• _PROBLEM DETAILS_
Among the entries that follow, find the lines holding "part" and say how many there are, with no other words.

Data extracted from a collection
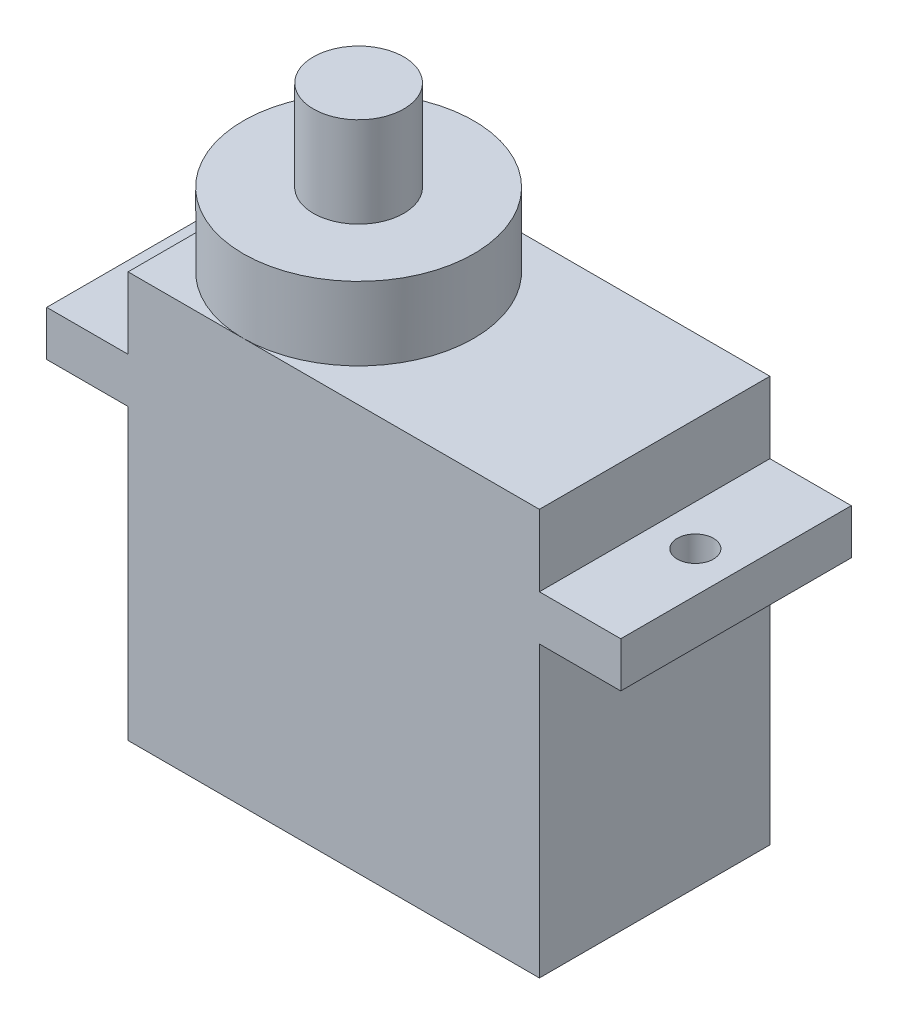
from build123d import *

# Parameters (mm, degrees)
SKETCH1_W           = 22.75
SKETCH1_H           = 22.45
BOSS_EXTRUDE1_DEPTH = 12.75
SKETCH2_W           = 12.75
SKETCH2_H           = 2.5
BOSS_EXTRUDE2_DEPTH = 4.5
SKETCH3_W           = 12.75
SKETCH3_H           = 2.5
BOSS_EXTRUDE3_DEPTH = 4.5
SKETCH4_R           = 1
CUT_EXTRUDE1_DEPTH  = 2.5
SKETCH5_R           = 1
CUT_EXTRUDE2_DEPTH  = 2.5
SKETCH6_R           = 6.375
BOSS_EXTRUDE4_DEPTH = 4.05
SKETCH7_R           = 2.5
BOSS_EXTRUDE5_DEPTH = 5


with BuildPart() as part:
    # Sketch1 → Boss-Extrude1 (new body)
    with BuildSketch(Plane.XY):
        with Locations((3.479135338, 0)):
            Rectangle(SKETCH1_W, SKETCH1_H)
    extrude(amount=BOSS_EXTRUDE1_DEPTH)

    # Sketch2 → Boss-Extrude2 (add)
    with BuildSketch(Plane(origin=(14.854135338, 0, 0), x_dir=(0, 0, -1), z_dir=(1, 0, 0))):
        with Locations((-6.375, 6.025)):
            Rectangle(SKETCH2_W, SKETCH2_H)
    extrude(amount=BOSS_EXTRUDE2_DEPTH)

    # Sketch3 → Boss-Extrude3 (add)
    with BuildSketch(Plane.ZY.offset(7.895864662)):
        with Locations((6.375, 6.025)):
            Rectangle(SKETCH3_W, SKETCH3_H)
    extrude(amount=BOSS_EXTRUDE3_DEPTH)

    # Sketch4 → Cut-Extrude1 (cut)
    with BuildSketch(Plane(origin=(0, 7.275, 0), x_dir=(1, 0, 0), z_dir=(0, 1, 0))):
        with Locations((-10.145864662, -6.375)):
            Circle(SKETCH4_R)
    extrude(amount=-CUT_EXTRUDE1_DEPTH, mode=Mode.SUBTRACT)

    # Sketch5 → Cut-Extrude2 (cut)
    with BuildSketch(Plane(origin=(0, 7.275, 0), x_dir=(1, 0, 0), z_dir=(0, 1, 0))):
        with Locations((17.104135338, -6.375)):
            Circle(SKETCH5_R)
    extrude(amount=-CUT_EXTRUDE2_DEPTH, mode=Mode.SUBTRACT)

    # Sketch6 → Boss-Extrude4 (add)
    with BuildSketch(Plane(origin=(0, 11.225, 0), x_dir=(1, 0, 0), z_dir=(0, 1, 0))):
        with Locations((-1.520864662, -6.375)):
            Circle(SKETCH6_R)
    extrude(amount=BOSS_EXTRUDE4_DEPTH)

    # Sketch7 → Boss-Extrude5 (add)
    with BuildSketch(Plane(origin=(0, 15.275, 0), x_dir=(1, 0, 0), z_dir=(0, 1, 0))):
        with Locations((-1.520864662, -6.375)):
            Circle(SKETCH7_R)
    extrude(amount=BOSS_EXTRUDE5_DEPTH)


solid = part.part

• _RESPONSE TO THIS TASK_
2